We learned that we were able to improve our health checks. We found out that — obviously I've already talked about the retries — and were not calibrated correctly. So every time you make a change, you have to go back and keep running this. But the idea is that, you know, after you're done kind of running these — sort of calibrating with this tooling — you are able to have a much more healthy response and series of mechanisms to keep you up and running.

So at Capital One — it's funny that like a lot of incidents, high severity incidents come through latency, right? So it's been interesting to continue to build this. But for me — I know when I've built something valuable when engineers come to me wanting to use it, right? Engineers really, really use this predominantly for the retries, the fallbacks, the failovers — those kind of mechanisms — 'cause they don't have any other way of getting feedback. Connection pooling is also something that recently has been interesting to use this for.

So anyway — we're on track to go from hundreds to millions of chaos experiments with this methodology. We still do the traditional approach of chaos engineering — your Chaos Monkey types of things. You are injecting 5XX errors to force the failover to the other region. We learn lots of things.
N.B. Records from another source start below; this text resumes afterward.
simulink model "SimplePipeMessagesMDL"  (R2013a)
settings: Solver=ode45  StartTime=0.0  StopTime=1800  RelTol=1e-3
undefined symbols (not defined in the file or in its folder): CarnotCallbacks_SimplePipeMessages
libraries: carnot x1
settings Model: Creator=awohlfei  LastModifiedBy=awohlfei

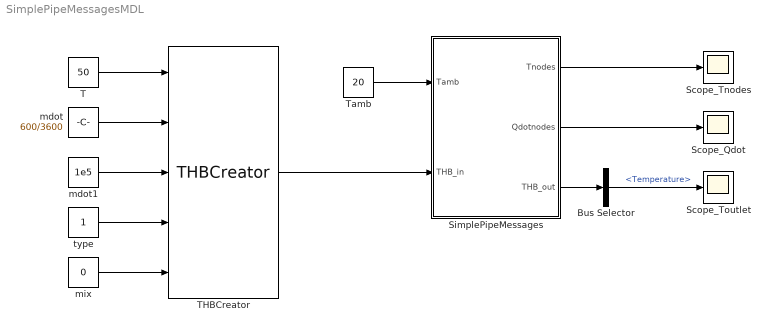
== system SimplePipeMessagesMDL ==
  Bus Selector : BusSelector  OutputSignals=Temperature
  Scope_Qdot : Scope
  Scope_Tnodes : Scope
  Scope_Toutlet : Scope
      settings: TimeRange=1800  SaveName=ScopeData2
  SimplePipeMessages : Subsystem  LoadFcn=CarnotCallbacks_SimplePipeMessages('LoadFcn', gcb);  mask{UA=100, VOLUME=0.1, TINIT=[20 25 30 35 40], NODES=5, MESSAGELEVELBLOCK=DEBUGLEVEL, MAXTOTALMESSAGES=inf, MAXCONSECUTIVEMESSAGES=inf, WRITETOFILE=0, MESSAGEFILENAME='bla.txt'}
      mask prompts: UA "heat transfer coefficient [W/K]"; VOLUME "volume of pipe [m³]"; TINIT "initial temperature [°C]"; NODES "number of nodes [1]"; MESSAGELEVELBLOCK "message level of block"; MAXTOTALMESSAGES "maximum number of messages"; MAXCONSECUTIVEMESSAGES "number of consecutive messages"; WRITETOFILE "write messages to file"; MESSAGEFILENAME "filename for messages"
      mask init:
      | if UA<0.0
      |     error('UA must be >=0 W/K !');
      | end
      | 
      | if VOLUME<0.0
      |     error('Volume must be >= 0 m³ !');
      | end
      | 
      | if (double(int32(NODES))-NODES)>eps(NODES)
      |     error('The number of nodes must be an integer!');
      | end
      | 
      | if NODES < 1
      |     error('The number of nodes must be positive!');
      | end
      | 
      | if sum(TINIT<-273.15)>0
      |     error('Initial temperature must be >= -273.15 °C !');
      | end
      | 
      | if numel(TINIT)~=NODES
      |     if numel(TINIT) == 1
      |         TINIT = ones(NODES, 1)*TINIT;
      |     else
      |         error('The initial temperature must have number of nodes elements or one!');
      |     end
      | end
      | 
      | 
      | %check for global message settings
      | [MESSAGELEVELBLOCK, MAXTOTALMESSAGES, MAXCONSECUTIVEMESSAGES, WRITETOFILE, MESSAGEFILENAME] = CarnotCallbacks_SimplePipeMessages('CheckDebugLevels', MESSAGELEVELBLOCK, MAXTOTALMESSAGES, MAXCONSECUTIVEMESSAGES, WRITETOFILE, MESSAGEFILENAME);
      mask Callback UA:
      | %set the visibility of the message parameters
      | CarnotCallbacks_SimplePipeMessages('MaskVisibilities', gcb);
      mask TypeOptions MESSAGELEVELBLOCK: DEBUGLEVEL | INFOLEVEL | WARNINGLEVEL | ERRORLEVEL | FATALLEVEL | NOLEVEL | HALLO
  T : Constant  Value=50
  THBCreator : carnot/Basic/Hydraulics/THBCreator  Inport_ID=off  Inport_T=on  Inport_mdot=on  Inport_p=on  Inport_type=on  Inport_mix=on  Inport_d=off  Inport_c=off  Inport_l=off  Inport_q=off  Inport_LH=off  Inport_H=off  ID=20001  T=20  mdot=0  p=1e5  FluidType=1  FluidMix=0  d=0.01  c=0  l=0  q=0  LH=0  H=0  Annotation_ID=off  Annotation_T=off  Annotation_mdot=off  Annotation_p=off  Annotation_type=off  Annotation_mix=off  Annotation_d=off  Annotation_c=off  Annotation_l=off  Annotation_q=off  Annotation_LH=off  Annotation_H=off
  Tamb : Constant  Value=20
  mdot : Constant  Value=600/3600
  mdot1 : Constant  Value=1e5
  mix : Constant  Value=0
  type : Constant
  wires:
  T/1 -> THBCreator/1
  mdot/1 -> THBCreator/2
  mdot1/1 -> THBCreator/3
  type/1 -> THBCreator/4
  mix/1 -> THBCreator/5
  THBCreator/1 -> SimplePipeMessages/2(THB_in)
  Tamb/1 -> SimplePipeMessages/1(Tamb)
  SimplePipeMessages/3(THB_out) -> Bus Selector/1
  SimplePipeMessages/1(Tnodes) -> Scope_Tnodes/1
  SimplePipeMessages/2(Qdotnodes) -> Scope_Qdot/1
  Bus Selector/1 -> Scope_Toutlet/1  "<Temperature>"

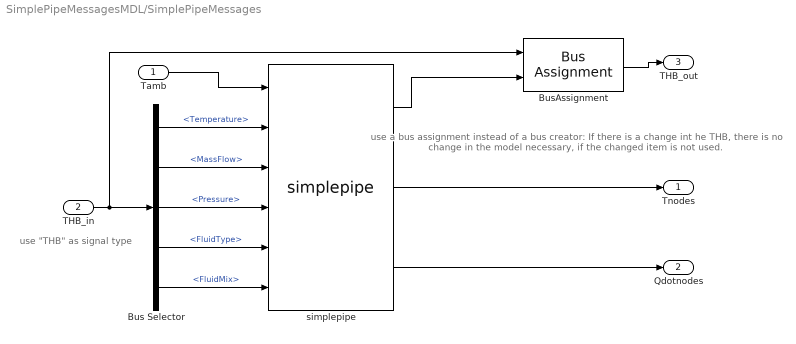
== system SimplePipeMessagesMDL/SimplePipeMessages ==
  note: use a bus assignment instead of a bus creator:
      | If there is a change int he THB,
      | there is no change in the model necessary, if
      | the changed item is not used.
  note: use "THB" as signal type
  Tamb : Inport
  THB_in : Inport  Port=2  OutDataTypeStr=Bus: THB
  Bus Selector : BusSelector  OutputSignals=Temperature,MassFlow,Pressure,FluidType,FluidMix
  BusAssignment : BusAssignment  AssignedSignals=Temperature
  simplepipe : S-Function  FunctionName=simplepipe  Parameters=UA, VOLUME, NODES, TINIT  EnableBusSupport=off
  Tnodes : Outport
  Qdotnodes : Outport  Port=2
  THB_out : Outport  Port=3
  wires:
  THB_in/1 -> BusAssignment/1, Bus Selector/1
  Tamb/1 -> simplepipe/1
  Bus Selector/1 -> simplepipe/2  "<Temperature>"
  Bus Selector/2 -> simplepipe/3  "<MassFlow>"
  Bus Selector/3 -> simplepipe/4  "<Pressure>"
  Bus Selector/4 -> simplepipe/5  "<FluidType>"
  Bus Selector/5 -> simplepipe/6  "<FluidMix>"
  BusAssignment/1 -> THB_out/1
  simplepipe/1 -> BusAssignment/2
  simplepipe/2 -> Tnodes/1
  simplepipe/3 -> Qdotnodes/1
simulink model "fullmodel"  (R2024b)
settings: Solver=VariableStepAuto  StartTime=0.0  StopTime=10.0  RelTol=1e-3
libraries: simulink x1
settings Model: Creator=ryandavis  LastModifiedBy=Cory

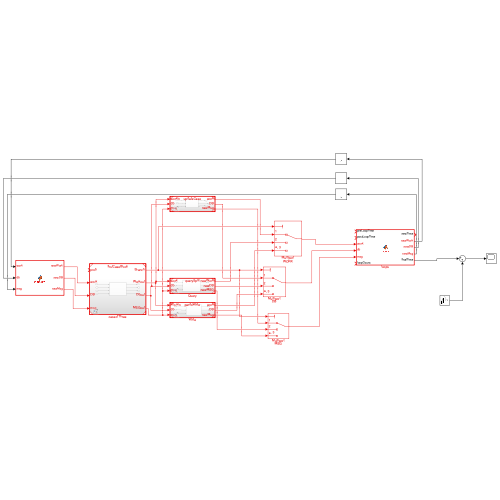
[thumbnail: Simulink's stored preview of the top-level diagram]
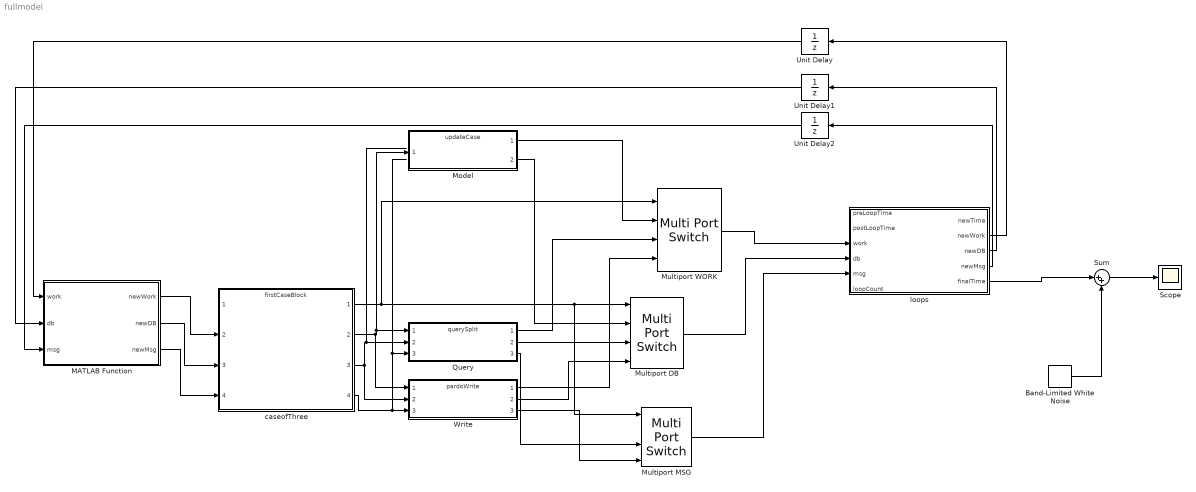
== system fullmodel ==
  Band-Limited White Noise : simulink/Sources/Band-Limited White Noise  Cov=[0.1]  Ts=0.1  seed=[23341]
  MATLAB Function : MATLAB Function  TreatAsAtomicUnit=on
  Model : ModelReference  ModelNameDialog=updateCase.slx  SimulationMode=Normal  ModelReferenceVersion=1.5
  Multiport DB : MultiPortSwitch  SaturateOnIntegerOverflow=off  InputSameDT=off
  Multiport MSG : MultiPortSwitch  SaturateOnIntegerOverflow=off  InputSameDT=off
  Multiport WORK : MultiPortSwitch  SaturateOnIntegerOverflow=off  InputSameDT=off
  Query : ModelReference  ModelNameDialog=querySplit.slx  SimulationMode=Normal  ModelReferenceVersion=1.7
  Scope : Scope
  Sum : Sum  Inputs=|++
  Unit Delay : UnitDelay  SampleTime=-1  HasFrameUpgradeWarning=on
  Unit Delay1 : UnitDelay  SampleTime=-1  HasFrameUpgradeWarning=on
  Unit Delay2 : UnitDelay  SampleTime=-1  HasFrameUpgradeWarning=on
  Write : ModelReference  ModelNameDialog=pardoWrite.slx  SimulationMode=Normal  ModelReferenceVersion=1.7
  caseofThree : ModelReference  ModelNameDialog=firstCaseBlock.slx  SimulationMode=Normal  ModelReferenceVersion=1.5
  loops : MATLAB Function  TreatAsAtomicUnit=on
  wires:
  MATLAB Function/3(newMsg) -> caseofThree/4
  MATLAB Function/2(newDB) -> caseofThree/3
  MATLAB Function/1(newWork) -> caseofThree/2
  caseofThree/1 -> Multiport WORK/1, Multiport MSG/1, Multiport DB/1
  Model/1 -> Multiport WORK/2
  Query/1 -> Multiport WORK/3
  Write/1 -> Multiport WORK/4
  Model/2 -> Multiport DB/2
  Query/2 -> Multiport DB/3
  ? -> Multiport MSG/2
  Write/2 -> Multiport DB/4
  Query/3 -> Multiport MSG/3
  Write/3 -> Multiport MSG/4
  Multiport WORK/1 -> loops/3(work)
  Multiport DB/1 -> loops/4(db)
  Multiport MSG/1 -> loops/5(msg)
  caseofThree/2 -> Write/1, Query/1, Model/1
  caseofThree/3 -> Write/2, Query/2
  caseofThree/4 -> Query/3, Write/3
  loops/5(finalTime) -> Sum/1
  Band-Limited White Noise/1 -> Sum/2
  Sum/1 -> Scope/1
  loops/2(newWork) -> Unit Delay/1
  loops/3(newDB) -> Unit Delay1/1
  loops/4(newMsg) -> Unit Delay2/1
  Unit Delay/1 -> MATLAB Function/1(work)
  Unit Delay1/1 -> MATLAB Function/2(db)
  Unit Delay2/1 -> MATLAB Function/3(msg)

== matlab function fullmodel/MATLAB Function ==
  data: work input; newWork output; db input; msg input; newDB output; newMsg output
function [newWork, newDB, newMsg] = initialize(work, db, msg)
    workIncrement = 2;
    dbIncrement = 1;
    msgIncrement = 1;
    
    newWork = work + workIncrement;
    newDB = db + dbIncrement;
    newMsg = msg + msgIncrement;
end

== matlab function fullmodel/loops ==
  data: preLoopTime input; postLoopTime input; newTime output; work input; db input; msg input; newWork output; newDB output; newMsg output; finalTime output; loopCount input
function [newTime, newWork, newDB, newMsg, finalTime] = Loop(preLoopTime, postLoopTime, work, db, msg, loopCount)
    newTime = preLoopTime + loopCount * (postLoopTime - preLoopTime);

    workIncrement = 10;
    dbIncrement = 20;
    msgIncrement = 5;
    
    newWork = work + loopCount * workIncrement;
    newDB = db + loopCount * dbIncrement;
    newMsg = msg + loopCount * msgIncrement;
    
    if loopCount == 2
        cpuQuantity = 3;
        diskQuantity = 2;
        networkQuantity = 1;

        cpuServiceTime = 0.0001;
        diskServiceTime = 0.02;
        networkServiceTime = 0.1;

        cpuTime = cpuQuantity * cpuServiceTime * newWork;
        diskTime = diskQuantity * diskServiceTime * newDB;
        networkTime = networkQuantity * networkServiceTime * newMsg;

        finalTime = cpuTime + diskTime + networkTime;
    else
        finalTime = 0;  
    end
end

A couple other interesting aspects to this — is that this may be a valid way for testing third parties, because all I'm introducing is degraded internet. I'm not violating an SLA — the degraded internet's there, it's happening randomly anyway. It's a great way to sort of test for third-party SaaS agents running your environment — that your third-party dependencies, just to make sure that when latency comes from them, you're calibrated correctly to respond. And you have the adaptive capacity to do that. That's an area I plan on exploring more with this.

But yeah — in short, that is all she wrote.

This stuff's hard, guys. You know, there is no — there's not a lot of tooling in resilience. You know, there's a lot of practices. And, you know, my passion is to bring tooling and capabilities to help humans. These things — our systems are large, they're complex. It's not getting any better with generative AI. It's getting even larger. We kind of skipped over this complexity issue. I think generative AI obviously has a role somewhere in here to help.

One of the issues I'm struggling with too is like — I don't know if John Willis is here. John was at my talking in Europe a couple months ago. Is that, Aaron, there's value in this data you're generating. I just don't know how to abstract the insights, because right now, currently, it's a bunch of 5XX and 2XX charts for regions and AZs. It takes an SRE or a full-stack kind of senior engineer to read it. You know, the idea is that people take that data and give them feedback on those mechanisms we talked about — insights, you know, which can be tough. So.